_Task prompt_
Of the entries below, restate word for word only the section that runs from the line with "0 10303 214" to the line with "#4=PRODUCT('Part','Part','',(#3));", counting both ends.

_Information_
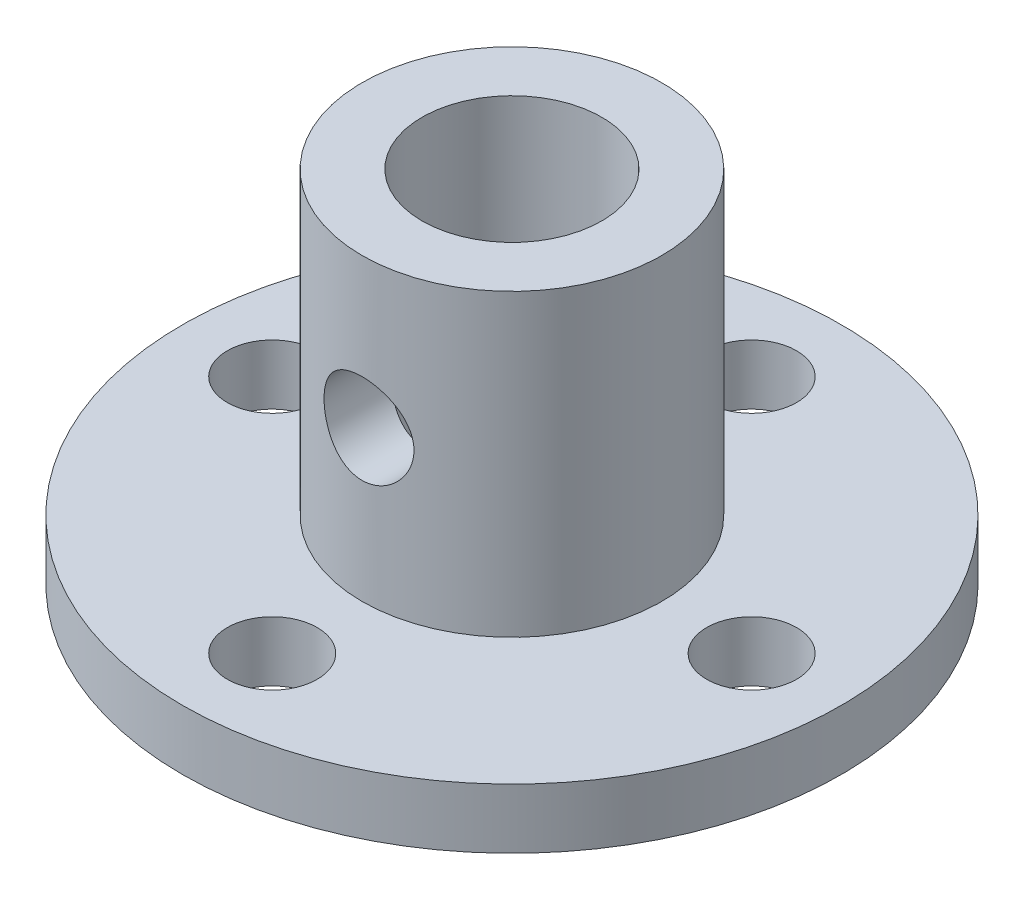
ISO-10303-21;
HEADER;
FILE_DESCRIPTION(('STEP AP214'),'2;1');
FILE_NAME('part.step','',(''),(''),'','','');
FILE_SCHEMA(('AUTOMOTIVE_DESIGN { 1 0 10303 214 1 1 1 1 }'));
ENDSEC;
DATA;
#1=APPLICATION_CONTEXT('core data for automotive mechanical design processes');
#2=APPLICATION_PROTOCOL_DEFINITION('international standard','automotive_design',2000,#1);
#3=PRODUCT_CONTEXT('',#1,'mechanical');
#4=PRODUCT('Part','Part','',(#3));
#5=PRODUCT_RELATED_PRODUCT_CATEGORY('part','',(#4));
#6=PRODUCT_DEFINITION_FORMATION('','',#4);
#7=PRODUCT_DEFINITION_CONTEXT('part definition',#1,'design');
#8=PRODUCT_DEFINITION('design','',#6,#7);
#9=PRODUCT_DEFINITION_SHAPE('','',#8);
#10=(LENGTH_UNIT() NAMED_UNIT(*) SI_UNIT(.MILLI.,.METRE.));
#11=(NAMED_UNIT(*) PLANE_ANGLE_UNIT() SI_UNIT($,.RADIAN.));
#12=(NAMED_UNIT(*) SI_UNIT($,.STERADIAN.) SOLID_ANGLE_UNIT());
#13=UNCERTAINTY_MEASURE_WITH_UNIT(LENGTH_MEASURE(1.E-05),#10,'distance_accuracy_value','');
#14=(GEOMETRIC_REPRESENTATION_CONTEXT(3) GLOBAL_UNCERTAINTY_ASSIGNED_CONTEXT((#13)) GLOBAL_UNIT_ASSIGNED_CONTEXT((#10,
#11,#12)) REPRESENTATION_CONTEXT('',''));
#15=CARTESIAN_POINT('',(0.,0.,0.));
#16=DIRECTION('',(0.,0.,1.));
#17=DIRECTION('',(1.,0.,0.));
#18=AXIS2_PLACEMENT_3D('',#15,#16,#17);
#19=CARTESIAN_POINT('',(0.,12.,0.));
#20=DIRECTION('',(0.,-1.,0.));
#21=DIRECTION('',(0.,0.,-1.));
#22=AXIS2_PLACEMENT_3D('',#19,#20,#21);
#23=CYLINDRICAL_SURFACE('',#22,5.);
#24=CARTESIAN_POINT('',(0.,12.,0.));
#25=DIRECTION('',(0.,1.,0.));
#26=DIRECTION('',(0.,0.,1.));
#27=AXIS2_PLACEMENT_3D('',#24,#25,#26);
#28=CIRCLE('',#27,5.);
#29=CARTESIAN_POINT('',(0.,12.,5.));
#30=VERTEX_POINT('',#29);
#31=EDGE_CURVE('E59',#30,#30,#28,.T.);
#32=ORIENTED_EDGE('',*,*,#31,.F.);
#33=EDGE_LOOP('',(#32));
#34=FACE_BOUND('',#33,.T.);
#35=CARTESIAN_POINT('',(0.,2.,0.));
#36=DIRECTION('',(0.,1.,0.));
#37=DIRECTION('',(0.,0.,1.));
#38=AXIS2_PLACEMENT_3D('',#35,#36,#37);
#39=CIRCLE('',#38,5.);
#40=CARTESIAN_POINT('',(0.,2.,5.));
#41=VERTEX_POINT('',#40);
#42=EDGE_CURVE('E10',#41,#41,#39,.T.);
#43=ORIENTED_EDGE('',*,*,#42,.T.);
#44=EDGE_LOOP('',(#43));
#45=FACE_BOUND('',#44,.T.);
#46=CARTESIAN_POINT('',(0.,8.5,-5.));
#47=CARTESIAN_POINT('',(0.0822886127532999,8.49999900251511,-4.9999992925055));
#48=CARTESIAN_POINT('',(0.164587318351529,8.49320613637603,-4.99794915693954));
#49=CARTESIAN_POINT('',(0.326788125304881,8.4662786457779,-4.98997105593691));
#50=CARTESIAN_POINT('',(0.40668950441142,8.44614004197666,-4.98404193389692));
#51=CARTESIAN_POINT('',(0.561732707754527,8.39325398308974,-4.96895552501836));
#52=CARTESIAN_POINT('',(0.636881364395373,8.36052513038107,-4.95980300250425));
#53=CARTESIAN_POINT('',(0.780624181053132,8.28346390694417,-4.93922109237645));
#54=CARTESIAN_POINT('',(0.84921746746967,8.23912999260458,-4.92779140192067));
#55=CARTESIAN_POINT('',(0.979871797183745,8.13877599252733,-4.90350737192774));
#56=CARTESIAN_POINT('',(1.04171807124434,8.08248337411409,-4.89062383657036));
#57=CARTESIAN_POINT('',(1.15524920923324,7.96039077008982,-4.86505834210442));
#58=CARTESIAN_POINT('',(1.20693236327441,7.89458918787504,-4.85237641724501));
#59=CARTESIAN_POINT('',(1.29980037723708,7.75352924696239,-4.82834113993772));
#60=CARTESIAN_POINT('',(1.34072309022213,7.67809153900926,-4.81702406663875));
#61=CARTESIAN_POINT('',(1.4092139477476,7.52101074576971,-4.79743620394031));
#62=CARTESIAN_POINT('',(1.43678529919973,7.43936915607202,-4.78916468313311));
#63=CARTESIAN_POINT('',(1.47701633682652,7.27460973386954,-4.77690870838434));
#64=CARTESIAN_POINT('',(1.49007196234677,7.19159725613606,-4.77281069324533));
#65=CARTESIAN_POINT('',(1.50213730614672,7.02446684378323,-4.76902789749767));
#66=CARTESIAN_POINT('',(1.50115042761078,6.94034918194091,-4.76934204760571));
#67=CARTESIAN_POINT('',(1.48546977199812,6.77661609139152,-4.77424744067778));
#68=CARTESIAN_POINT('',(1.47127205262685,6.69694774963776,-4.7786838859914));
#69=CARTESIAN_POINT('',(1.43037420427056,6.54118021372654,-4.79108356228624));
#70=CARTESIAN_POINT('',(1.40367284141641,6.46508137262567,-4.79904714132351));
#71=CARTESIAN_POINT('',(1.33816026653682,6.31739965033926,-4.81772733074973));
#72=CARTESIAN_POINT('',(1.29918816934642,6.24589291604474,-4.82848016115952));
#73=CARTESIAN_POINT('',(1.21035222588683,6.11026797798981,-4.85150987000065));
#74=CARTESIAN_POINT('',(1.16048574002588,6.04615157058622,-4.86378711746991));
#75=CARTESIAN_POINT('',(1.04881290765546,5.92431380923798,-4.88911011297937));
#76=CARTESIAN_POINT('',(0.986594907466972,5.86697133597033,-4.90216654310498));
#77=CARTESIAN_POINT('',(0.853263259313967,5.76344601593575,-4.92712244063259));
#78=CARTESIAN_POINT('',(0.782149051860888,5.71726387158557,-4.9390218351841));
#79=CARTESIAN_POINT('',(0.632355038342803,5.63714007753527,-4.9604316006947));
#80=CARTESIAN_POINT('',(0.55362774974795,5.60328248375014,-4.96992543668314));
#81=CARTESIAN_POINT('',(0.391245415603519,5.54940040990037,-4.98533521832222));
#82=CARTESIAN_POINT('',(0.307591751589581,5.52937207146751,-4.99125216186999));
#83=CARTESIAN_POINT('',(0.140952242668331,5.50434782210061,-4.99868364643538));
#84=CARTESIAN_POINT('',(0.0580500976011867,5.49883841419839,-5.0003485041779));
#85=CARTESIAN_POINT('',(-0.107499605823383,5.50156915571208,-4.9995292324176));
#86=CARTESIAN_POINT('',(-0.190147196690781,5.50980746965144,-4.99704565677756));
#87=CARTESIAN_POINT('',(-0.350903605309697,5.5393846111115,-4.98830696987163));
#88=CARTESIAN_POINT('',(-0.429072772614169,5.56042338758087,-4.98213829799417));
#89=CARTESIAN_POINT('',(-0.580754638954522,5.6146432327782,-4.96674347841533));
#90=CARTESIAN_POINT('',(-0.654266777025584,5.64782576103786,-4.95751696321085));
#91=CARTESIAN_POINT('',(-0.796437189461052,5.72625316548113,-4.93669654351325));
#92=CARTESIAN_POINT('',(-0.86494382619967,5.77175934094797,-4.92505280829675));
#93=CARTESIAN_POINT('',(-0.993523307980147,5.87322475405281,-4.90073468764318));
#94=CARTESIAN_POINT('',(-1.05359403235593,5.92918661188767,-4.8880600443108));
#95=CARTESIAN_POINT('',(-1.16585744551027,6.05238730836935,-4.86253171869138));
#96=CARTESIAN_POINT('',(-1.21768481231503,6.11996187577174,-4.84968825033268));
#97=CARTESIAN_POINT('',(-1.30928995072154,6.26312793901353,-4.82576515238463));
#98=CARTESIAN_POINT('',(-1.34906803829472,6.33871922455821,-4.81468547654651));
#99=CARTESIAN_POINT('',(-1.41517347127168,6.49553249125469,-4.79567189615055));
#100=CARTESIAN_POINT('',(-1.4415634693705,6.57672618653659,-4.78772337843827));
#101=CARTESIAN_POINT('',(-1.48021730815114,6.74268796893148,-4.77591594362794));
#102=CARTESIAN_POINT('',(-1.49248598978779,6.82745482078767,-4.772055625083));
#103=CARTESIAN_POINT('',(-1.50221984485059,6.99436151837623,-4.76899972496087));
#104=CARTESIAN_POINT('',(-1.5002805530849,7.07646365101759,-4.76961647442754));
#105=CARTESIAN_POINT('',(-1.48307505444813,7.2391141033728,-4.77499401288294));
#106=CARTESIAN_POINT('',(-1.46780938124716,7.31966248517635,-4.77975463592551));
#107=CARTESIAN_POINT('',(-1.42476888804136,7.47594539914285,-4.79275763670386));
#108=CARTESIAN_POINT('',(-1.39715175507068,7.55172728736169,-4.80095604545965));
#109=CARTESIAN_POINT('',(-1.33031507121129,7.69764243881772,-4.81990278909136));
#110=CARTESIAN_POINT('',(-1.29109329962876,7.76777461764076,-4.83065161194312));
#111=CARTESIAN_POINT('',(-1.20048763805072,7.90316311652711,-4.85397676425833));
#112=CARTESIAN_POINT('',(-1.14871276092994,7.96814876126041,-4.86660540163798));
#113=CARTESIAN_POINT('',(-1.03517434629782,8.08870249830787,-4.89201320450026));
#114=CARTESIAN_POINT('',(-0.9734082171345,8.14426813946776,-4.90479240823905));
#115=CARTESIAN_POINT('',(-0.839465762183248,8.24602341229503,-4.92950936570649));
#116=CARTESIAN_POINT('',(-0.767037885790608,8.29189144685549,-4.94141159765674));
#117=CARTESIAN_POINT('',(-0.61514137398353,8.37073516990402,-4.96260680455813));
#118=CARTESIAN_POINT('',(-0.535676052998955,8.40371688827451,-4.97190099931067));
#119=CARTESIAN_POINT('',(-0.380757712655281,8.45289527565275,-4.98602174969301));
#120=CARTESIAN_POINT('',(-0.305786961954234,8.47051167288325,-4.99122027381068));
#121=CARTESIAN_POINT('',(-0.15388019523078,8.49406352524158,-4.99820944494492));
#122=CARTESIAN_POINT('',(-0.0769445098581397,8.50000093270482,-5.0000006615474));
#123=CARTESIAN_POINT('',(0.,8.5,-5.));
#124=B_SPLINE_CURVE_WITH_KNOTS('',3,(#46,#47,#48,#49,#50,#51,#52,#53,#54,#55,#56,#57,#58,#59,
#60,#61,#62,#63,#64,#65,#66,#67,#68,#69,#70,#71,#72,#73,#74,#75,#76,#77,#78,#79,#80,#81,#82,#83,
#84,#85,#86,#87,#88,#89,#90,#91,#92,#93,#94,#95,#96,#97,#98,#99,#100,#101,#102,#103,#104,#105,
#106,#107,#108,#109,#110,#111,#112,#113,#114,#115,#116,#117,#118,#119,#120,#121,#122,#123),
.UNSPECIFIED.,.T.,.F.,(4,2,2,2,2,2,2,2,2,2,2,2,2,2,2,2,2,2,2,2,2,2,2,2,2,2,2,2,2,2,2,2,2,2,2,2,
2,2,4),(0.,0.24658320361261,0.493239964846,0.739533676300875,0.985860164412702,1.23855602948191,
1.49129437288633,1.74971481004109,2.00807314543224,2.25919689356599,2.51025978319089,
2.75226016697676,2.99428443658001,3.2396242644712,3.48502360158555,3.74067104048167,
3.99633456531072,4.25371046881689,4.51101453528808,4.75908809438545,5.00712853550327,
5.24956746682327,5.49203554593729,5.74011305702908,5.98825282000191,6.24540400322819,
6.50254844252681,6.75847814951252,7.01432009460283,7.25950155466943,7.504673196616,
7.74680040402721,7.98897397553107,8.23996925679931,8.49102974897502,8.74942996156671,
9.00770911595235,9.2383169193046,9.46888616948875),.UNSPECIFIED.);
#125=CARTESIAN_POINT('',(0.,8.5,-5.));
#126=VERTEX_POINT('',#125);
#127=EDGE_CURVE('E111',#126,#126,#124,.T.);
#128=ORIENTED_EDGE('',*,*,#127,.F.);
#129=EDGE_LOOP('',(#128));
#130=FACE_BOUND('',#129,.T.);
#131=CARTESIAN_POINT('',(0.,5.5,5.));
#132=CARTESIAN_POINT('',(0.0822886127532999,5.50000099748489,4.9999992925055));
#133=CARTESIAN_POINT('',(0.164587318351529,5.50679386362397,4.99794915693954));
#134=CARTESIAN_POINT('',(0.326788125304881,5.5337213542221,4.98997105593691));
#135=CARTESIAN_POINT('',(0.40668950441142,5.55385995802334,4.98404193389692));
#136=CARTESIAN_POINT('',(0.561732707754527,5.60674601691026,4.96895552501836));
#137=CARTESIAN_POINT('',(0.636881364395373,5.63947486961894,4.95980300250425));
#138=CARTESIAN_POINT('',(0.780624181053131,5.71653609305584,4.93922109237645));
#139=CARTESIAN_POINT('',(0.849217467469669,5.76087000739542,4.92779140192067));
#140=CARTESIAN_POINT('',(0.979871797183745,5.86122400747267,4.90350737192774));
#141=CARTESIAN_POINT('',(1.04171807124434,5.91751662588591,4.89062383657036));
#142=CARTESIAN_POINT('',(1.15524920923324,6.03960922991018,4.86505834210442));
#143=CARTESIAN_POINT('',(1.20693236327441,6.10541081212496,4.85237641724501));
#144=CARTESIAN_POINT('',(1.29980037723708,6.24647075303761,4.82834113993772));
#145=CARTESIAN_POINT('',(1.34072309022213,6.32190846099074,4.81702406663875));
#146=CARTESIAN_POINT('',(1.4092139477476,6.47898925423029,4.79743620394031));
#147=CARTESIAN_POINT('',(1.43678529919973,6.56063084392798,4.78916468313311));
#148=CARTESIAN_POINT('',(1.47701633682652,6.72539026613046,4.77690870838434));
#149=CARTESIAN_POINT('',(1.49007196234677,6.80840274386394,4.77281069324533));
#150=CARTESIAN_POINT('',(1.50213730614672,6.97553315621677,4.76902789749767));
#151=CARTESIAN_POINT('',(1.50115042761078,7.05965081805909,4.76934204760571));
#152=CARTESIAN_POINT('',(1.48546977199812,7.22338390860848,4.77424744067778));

_Exercise solution_
FILE_SCHEMA(('AUTOMOTIVE_DESIGN { 1 0 10303 214 1 1 1 1 }'));
ENDSEC;
DATA;
#1=APPLICATION_CONTEXT('core data for automotive mechanical design processes');
#2=APPLICATION_PROTOCOL_DEFINITION('international standard','automotive_design',2000,#1);
#3=PRODUCT_CONTEXT('',#1,'mechanical');
#4=PRODUCT('Part','Part','',(#3));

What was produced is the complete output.